The attacker spoofs the source address of all echo requests to be his victim’s IP address and sends a large number of packets across the Internet using an excessively high TTL value.
Each machine that forwards it along takes some small amount of processing time to do this, so each phony packet sent can cause tens or even hundreds of real packets to be sent in response. This can have a devastating effect on the victim’s machine, even rendering it unusable for a few minutes or hours if enough reply packets are generated by its computer and neighboring machines.
How To Protect Yourself From Smurf Attack?
You can protect yourself from smurf attack by following these steps:
- Configure your router to not forward directed broadcast traffic. This is configured under the ‘IP Forwarding’ or ‘Enable Broadcast/Multicast’ section of most routers administration screens and will stop network flooding attacks like Smurfs, Fraggles, and other types of DoS attacks that rely on directed broadcast traffic.
- Disable the ICMP Router Discovery Protocol (IRDP) if it is enabled, as this can cause routers to forward ping requests between networks. For Windows machines, set “Start Registry” – type in regedit and hit enter – navigate down to: HKEY_LOCAL_MACHINE > System > CurrentControlSet > Services > TcpipParameters and add a DWORD key called “DisableRouterDiscovery” (without the quotes). Then set it to ‘one’ to disable router discovery.

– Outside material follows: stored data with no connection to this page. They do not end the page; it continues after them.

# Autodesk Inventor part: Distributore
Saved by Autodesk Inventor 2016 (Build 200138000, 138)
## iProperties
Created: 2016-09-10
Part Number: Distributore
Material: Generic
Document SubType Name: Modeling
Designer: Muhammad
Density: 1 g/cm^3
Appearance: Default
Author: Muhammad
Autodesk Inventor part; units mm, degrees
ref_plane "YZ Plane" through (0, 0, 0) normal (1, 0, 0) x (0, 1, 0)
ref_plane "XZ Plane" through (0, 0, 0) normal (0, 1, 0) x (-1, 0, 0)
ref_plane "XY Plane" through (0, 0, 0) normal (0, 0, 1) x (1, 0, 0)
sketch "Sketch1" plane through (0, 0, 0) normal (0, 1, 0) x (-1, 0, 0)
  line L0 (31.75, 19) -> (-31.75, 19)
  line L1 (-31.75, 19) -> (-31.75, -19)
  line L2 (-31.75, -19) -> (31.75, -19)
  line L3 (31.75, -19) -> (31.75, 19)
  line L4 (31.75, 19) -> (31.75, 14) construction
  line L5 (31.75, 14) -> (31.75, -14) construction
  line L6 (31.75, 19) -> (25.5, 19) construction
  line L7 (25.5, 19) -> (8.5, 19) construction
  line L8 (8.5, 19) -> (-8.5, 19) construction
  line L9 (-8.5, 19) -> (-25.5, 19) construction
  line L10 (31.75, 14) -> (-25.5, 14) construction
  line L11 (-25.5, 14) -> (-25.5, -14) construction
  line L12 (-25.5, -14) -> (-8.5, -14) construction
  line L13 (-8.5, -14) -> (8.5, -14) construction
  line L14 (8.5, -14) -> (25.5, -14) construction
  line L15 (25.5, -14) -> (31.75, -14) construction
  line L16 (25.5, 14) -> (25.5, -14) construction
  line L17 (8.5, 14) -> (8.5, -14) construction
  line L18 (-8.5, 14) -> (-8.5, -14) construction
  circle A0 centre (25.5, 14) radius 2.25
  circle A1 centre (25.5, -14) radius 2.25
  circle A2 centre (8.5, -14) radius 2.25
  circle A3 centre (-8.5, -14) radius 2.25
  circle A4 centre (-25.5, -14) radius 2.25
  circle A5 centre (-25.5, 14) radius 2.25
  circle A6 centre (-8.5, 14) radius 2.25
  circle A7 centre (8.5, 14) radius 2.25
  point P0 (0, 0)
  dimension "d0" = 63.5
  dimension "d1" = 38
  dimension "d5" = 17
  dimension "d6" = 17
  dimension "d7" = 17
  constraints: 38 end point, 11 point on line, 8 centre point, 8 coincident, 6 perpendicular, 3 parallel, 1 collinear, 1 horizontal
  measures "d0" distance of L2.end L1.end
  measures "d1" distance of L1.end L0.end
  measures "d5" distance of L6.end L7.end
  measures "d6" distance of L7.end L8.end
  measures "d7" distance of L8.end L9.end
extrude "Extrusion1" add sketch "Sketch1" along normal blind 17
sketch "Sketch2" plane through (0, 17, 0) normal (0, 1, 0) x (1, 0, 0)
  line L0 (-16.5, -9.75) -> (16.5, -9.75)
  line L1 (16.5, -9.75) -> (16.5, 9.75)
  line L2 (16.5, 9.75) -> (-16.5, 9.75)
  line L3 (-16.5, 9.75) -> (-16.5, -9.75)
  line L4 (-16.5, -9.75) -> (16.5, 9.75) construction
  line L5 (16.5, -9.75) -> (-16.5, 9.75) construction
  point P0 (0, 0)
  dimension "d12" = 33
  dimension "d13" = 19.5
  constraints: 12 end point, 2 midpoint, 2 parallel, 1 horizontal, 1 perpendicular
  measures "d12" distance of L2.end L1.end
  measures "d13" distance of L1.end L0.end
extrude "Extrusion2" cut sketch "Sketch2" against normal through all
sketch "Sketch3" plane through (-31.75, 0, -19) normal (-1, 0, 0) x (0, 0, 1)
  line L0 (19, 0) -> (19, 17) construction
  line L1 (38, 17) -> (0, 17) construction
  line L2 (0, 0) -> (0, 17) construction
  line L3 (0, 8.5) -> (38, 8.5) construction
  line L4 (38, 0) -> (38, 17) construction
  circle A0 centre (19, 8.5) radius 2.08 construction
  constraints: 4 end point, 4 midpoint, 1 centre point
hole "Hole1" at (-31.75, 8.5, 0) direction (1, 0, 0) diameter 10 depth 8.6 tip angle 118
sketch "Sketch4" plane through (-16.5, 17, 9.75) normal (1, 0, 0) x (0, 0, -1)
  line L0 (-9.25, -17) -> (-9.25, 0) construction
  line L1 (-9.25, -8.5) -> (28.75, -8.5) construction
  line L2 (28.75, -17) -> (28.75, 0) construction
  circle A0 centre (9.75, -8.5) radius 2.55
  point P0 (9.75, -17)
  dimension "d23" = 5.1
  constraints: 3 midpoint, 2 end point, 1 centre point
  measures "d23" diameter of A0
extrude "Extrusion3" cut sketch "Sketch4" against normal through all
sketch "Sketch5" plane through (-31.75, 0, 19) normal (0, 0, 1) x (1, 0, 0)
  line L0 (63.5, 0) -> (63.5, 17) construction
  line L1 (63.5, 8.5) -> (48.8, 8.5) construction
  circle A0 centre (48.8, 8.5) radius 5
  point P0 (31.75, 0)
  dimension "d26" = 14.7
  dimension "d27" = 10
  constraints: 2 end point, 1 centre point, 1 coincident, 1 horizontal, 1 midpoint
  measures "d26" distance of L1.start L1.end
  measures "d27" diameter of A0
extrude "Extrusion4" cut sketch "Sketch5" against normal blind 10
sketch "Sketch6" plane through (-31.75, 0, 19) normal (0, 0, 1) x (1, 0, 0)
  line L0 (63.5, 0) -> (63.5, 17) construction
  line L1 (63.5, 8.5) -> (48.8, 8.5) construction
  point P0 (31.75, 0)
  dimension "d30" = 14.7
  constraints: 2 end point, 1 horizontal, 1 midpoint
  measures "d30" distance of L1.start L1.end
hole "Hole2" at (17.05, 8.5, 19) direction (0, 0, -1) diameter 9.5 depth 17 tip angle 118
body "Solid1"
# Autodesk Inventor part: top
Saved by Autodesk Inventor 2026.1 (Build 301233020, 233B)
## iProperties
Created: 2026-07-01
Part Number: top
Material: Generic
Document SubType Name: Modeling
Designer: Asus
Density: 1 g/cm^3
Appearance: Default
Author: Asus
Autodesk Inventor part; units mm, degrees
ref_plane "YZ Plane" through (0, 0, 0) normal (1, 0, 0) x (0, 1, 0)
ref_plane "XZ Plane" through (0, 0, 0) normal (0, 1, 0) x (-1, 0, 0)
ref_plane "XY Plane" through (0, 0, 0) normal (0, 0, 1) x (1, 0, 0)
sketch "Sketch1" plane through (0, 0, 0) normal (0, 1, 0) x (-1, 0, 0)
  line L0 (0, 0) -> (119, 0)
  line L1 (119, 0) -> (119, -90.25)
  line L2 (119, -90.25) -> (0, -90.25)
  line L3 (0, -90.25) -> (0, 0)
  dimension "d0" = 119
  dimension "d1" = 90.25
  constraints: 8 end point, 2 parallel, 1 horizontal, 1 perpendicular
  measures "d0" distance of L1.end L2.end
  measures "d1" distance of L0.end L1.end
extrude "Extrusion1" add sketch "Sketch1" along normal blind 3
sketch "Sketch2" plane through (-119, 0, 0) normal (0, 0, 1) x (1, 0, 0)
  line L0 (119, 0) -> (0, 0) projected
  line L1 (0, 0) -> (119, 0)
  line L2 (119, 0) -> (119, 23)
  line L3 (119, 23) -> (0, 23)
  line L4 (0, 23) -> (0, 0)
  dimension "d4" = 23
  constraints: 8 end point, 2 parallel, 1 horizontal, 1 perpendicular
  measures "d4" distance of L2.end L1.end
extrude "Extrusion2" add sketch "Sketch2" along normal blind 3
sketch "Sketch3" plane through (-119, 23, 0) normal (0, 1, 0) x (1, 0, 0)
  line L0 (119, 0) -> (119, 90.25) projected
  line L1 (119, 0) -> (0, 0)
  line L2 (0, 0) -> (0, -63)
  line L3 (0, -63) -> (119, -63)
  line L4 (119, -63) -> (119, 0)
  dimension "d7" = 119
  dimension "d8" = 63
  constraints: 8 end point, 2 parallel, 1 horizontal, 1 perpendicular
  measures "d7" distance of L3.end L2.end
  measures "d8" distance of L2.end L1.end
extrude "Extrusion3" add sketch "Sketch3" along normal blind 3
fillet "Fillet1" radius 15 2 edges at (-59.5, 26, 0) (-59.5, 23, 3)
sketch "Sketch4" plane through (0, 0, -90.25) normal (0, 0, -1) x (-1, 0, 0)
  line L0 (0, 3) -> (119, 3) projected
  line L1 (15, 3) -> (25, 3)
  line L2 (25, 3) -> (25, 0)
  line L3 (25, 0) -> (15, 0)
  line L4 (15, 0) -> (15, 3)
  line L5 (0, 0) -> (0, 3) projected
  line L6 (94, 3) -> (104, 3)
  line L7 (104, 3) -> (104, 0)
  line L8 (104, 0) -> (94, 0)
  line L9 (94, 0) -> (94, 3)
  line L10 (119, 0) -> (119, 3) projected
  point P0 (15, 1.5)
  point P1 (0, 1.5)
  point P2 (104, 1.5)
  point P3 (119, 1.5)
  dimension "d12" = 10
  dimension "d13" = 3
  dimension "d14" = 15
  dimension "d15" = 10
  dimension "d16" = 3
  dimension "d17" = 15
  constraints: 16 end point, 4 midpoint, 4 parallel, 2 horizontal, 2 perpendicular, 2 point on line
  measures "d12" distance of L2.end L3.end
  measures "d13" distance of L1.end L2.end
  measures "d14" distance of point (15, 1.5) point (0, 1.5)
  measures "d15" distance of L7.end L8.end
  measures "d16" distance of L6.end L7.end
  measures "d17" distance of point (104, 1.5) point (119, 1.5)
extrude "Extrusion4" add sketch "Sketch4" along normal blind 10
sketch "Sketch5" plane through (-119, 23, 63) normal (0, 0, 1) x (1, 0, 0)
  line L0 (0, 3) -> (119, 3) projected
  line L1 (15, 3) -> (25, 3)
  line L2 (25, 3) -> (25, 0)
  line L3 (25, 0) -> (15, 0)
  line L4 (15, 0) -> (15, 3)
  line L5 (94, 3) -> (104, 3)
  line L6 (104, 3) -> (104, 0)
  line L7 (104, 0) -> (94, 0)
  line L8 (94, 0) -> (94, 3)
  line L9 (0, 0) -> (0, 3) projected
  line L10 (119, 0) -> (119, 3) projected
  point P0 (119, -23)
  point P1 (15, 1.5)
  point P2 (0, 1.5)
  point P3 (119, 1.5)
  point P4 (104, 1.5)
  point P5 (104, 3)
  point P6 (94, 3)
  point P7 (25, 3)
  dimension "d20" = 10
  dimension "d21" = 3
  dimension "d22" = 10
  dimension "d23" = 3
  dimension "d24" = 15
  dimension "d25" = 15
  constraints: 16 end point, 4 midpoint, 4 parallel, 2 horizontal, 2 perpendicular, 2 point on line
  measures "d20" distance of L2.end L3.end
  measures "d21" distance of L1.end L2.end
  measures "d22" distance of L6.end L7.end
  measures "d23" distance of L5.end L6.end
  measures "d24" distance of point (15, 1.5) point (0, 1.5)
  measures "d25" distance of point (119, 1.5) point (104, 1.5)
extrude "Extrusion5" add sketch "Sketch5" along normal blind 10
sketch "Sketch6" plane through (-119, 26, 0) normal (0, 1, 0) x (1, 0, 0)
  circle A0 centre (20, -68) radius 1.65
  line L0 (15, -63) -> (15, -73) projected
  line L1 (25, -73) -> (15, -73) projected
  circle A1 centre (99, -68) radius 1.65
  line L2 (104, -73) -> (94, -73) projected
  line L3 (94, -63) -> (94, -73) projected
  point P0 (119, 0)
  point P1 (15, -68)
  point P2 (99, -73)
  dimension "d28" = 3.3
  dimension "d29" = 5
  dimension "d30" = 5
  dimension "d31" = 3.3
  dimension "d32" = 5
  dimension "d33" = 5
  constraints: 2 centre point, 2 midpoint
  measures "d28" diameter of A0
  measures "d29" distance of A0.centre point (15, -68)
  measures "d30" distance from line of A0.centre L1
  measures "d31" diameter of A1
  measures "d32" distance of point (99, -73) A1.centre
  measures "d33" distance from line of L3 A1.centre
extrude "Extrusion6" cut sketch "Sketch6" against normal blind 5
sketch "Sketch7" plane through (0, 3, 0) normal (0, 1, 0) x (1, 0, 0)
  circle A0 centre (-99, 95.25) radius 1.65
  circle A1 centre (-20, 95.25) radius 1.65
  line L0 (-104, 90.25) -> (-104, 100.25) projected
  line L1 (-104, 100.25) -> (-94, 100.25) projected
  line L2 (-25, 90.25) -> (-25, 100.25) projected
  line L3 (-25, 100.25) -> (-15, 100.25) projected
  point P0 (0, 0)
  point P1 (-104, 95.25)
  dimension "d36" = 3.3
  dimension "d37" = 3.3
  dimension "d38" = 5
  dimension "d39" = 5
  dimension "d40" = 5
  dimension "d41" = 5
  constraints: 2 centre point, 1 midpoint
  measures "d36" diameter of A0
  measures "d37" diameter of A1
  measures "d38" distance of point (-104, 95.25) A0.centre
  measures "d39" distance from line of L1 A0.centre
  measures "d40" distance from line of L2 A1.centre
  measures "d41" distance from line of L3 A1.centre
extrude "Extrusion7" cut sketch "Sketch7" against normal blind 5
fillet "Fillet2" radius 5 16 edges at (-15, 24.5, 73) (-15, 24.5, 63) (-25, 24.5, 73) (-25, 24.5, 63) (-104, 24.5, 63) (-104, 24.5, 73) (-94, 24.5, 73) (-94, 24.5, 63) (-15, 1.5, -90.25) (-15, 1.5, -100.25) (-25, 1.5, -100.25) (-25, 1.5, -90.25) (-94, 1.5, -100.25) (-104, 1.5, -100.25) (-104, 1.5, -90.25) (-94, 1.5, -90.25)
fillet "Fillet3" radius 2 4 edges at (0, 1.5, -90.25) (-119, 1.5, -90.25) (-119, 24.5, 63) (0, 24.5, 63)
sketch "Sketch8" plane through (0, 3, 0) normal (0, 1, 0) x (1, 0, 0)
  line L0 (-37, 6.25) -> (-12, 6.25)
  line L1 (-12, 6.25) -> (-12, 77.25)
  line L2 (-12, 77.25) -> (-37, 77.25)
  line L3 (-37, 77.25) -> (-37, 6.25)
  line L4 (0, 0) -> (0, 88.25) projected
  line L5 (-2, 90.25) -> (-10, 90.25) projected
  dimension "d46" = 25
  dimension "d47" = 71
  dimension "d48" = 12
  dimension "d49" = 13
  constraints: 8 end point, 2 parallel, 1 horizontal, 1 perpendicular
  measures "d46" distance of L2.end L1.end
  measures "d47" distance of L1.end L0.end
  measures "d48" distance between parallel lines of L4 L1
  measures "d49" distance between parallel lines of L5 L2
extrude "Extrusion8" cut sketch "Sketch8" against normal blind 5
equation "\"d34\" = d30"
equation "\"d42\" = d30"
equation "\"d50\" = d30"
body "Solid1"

- Use firewall software that can detect this type of traffic and block accordingly.
- Many hosts can be configured to ignore echo requests from outside their network, which is an effective way of preventing the attack even if the packets are not blocked by a firewall (packets with internal source IPs will still reach them normally). Configuration varies per host: for Unix machines it’s usually under /etc/sysctl.conf and might look like: net.ipv[46].icmp_echo_ignore_all = 0
- Use a network monitor or sniffer to detect the attack and record the source IP of attack packets, then report them to your ISP and/or other appropriate parties such as CERT (see below). This may cause legal problems for the attacker, but you have to balance that with your own desire for privacy.
- If you are using Linux Operating System then there is a smurf protection tool called pdbedit which can help to prevent Smurf attacks. The simplest way of preventing this type of attack is by configuring your router so that it does not forward broadcast packets.
Smurf Attack Transmission And Effects
The tool for this attack is generally an application that sends ICMP packets with the “echo” request. This can be initiated by a single computer, but it is most effective when multiple computers are used to send these requests in what’s called a “smurf amplifier“. When executed properly, this type of attack has the ability to shut down networks and entire regions if sent over large enough scales.
This can cause a devastating effect on the victim’s machine, rendering it unusable for minutes- or even hours depending on how many packets are generated by its computer and neighboring machines.
Conclusion
The smurf attack is a denial-of-service (DoS) technique that relies on network traffic flooding. To prevent this type of attack is to configure your router so that it doesn’t forward direct broadcast traffic. Another way to protect yourself from smurf attacks is by using a firewall software that can detect and block accordingly, or configuring hosts to ignore echo requests from outside their network.